I have been wrangling with a time grouping issue in influxDB using the flux query language. I can illustrate with generated data, one entry per day from 2021-01-01 to 2021-01-05.

import "generate"
data = generate.from(
  count: 5,
  fn: (n) => n + 1,
  start: 2021-01-01T00:00:00Z,
  stop: 2021-01-06T00:00:00Z,
)

data
  |> range(start: 2021-01-01T00:00:00Z, stop: 2021-01-05T05:00:00Z) 

that generates:

_table _value _start _stop _time
0 1 2021-01-01T00:00:00.000Z 2021-01-05T23:59:00.000Z 2021-01-01T00:00:00.000Z
0 2 2021-01-01T00:00:00.000Z 2021-01-05T23:59:00.000Z 2021-01-02T00:00:00.000Z
0 3 2021-01-01T00:00:00.000Z 2021-01-05T23:59:00.000Z 2021-01-03T00:00:00.000Z
0 4 2021-01-01T00:00:00.000Z 2021-01-05T23:59:00.000Z 2021-01-04T00:00:00.000Z
0 5 2021-01-01T00:00:00.000Z 2021-01-05T23:59:00.000Z 2021-01-05T00:00:00.000Z

now I query the data and aggregate per day

import "generate"
data = generate.from(
count: 5,
  fn: (n) => n + 1,
  start: 2021-01-01T00:00:00Z,
  stop: 2021-01-06T00:00:00Z,
)
data
  |> range(start: 2021-01-01T00:00:00Z, stop: 2021-01-05T23:59:00Z)
  |> aggregateWindow(every: 1d, fn: sum, createEmpty: false)

I get this

_table _value _start _stop _time
0 1 2021-01-01T00:00:00.000Z 2021-01-05T23:59:00.000Z 2021-01-02T00:00:00.000Z
0 2 2021-01-01T00:00:00.000Z 2021-01-05T23:59:00.000Z 2021-01-03T00:00:00.000Z
0 3 2021-01-01T00:00:00.000Z 2021-01-05T23:59:00.000Z 2021-01-04T00:00:00.000Z
0 4 2021-01-01T00:00:00.000Z 2021-01-05T23:59:00.000Z 2021-01-05T00:00:00.000Z
0 5 2021-01-01T00:00:00.000Z 2021-01-05T23:59:00.000Z 2021-01-05T23:59:00.000Z

the first time is 2021-01-02T00:00:00.000Z and not 2021-01-01 and the two last entries cover the same day 2021-01-05.

how can I get the entries per day as below using flux:

  • 2021-01-01 - 1
  • 2021-01-02 - 2
  • 2021-01-03 - 3
  • 2021-01-04 - 4
  • 2021-01-05 - 5

Solution

  • You simply need to change/add the timeSrc parameter in your aggregateWindow window function.

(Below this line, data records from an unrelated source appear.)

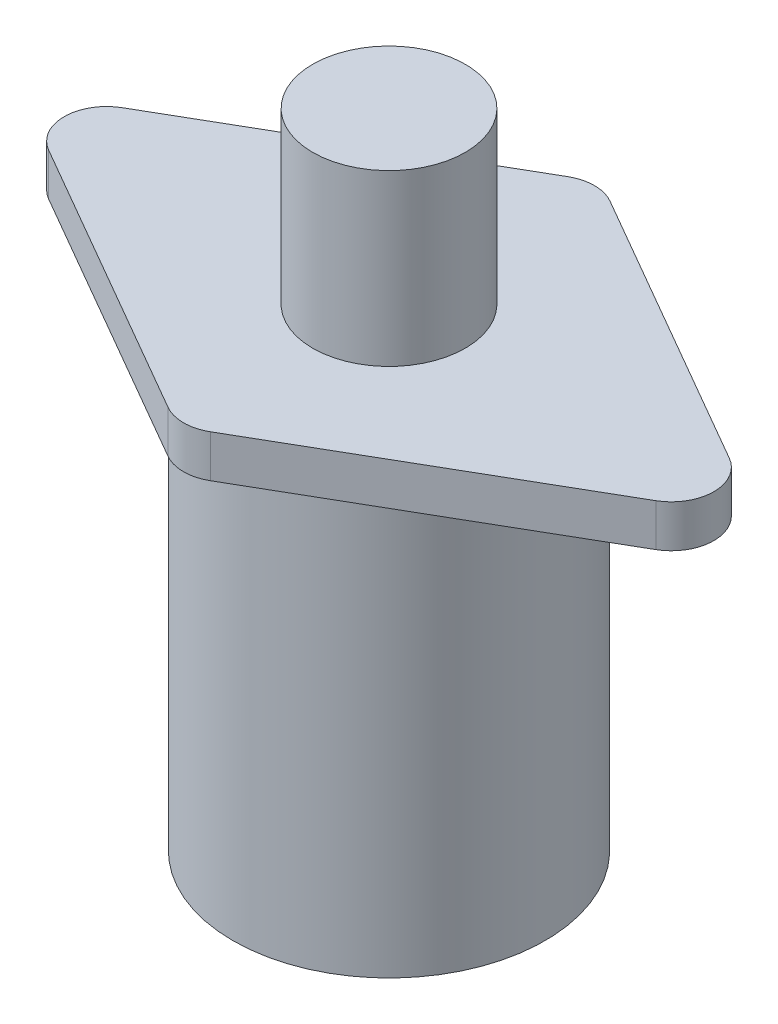
from build123d import *

# Parameters (mm, degrees)
SKETCH1_R           = 18.4
BOSS_EXTRUDE1_DEPTH = 50.8
BOSS_EXTRUDE2_DEPTH = 5
FILLET1_R           = 5
SKETCH3_R           = 9
BOSS_EXTRUDE3_DEPTH = 20


with BuildPart() as part:
    # Sketch1 → Boss-Extrude1 (new body)
    with BuildSketch(Plane(origin=(0, 0, 0), x_dir=(1, 0, 0), z_dir=(0, 1, 0))):
        Circle(SKETCH1_R)
    extrude(amount=BOSS_EXTRUDE1_DEPTH)

    # Sketch2 → Boss-Extrude2 (add)
    with BuildSketch(Plane(origin=(0, 50.8, 0), x_dir=(1, 0, 0), z_dir=(0, 1, 0))):
        Polygon((0, 25), (-43.301270189, 0), (0, -25), (43.301270189, 0), align=None)
    extrude(amount=BOSS_EXTRUDE2_DEPTH)

    # Fillet1
    fillet1_edges = [part.edges().sort_by_distance(p)[0] for p in [
        (43.301270189, 53.3, 0),
        (0, 53.3, -25),
        (-43.301270189, 53.3, 0),
        (0, 53.3, 25),
    ]]
    fillet(fillet1_edges, radius=FILLET1_R)

    # Sketch3 → Boss-Extrude3 (add)
    with BuildSketch(Plane(origin=(0, 55.8, 0), x_dir=(1, 0, 0), z_dir=(0, 1, 0))):
        Circle(SKETCH3_R)
    extrude(amount=BOSS_EXTRUDE3_DEPTH)


solid = part.part

By default, Flux will use _stop as value of the parameter, creating "high" bound windows.

    Let's make your example a bit simpler with the time not being exact at day end/start for better illustration: If for instance, it is 22:20 system time, I issue a query with range "-1h" and group by 1h, Flux will create two tumbling time windows: 21:00-22:00 and 22:00-23:00. In fact, Flux detects its range and truncates those global time windows to 21:20-22:00 and 22:00-22:20.

    If now, aggregateWindow timeSrc is set to _stop, the time column will be 22:00 and 22:20. [the end of each previously mentioned time windows]. If you chose "_start", the time column will be 21:20 and 22:00.

    If you want 21:00 and 22:00 in the above example, I suggest adjusting your range to something like: range(start: date.truncate(t: -24h, unit: 1h) which usually also makes more sense that having a first bucket also contains all the data from that bucket.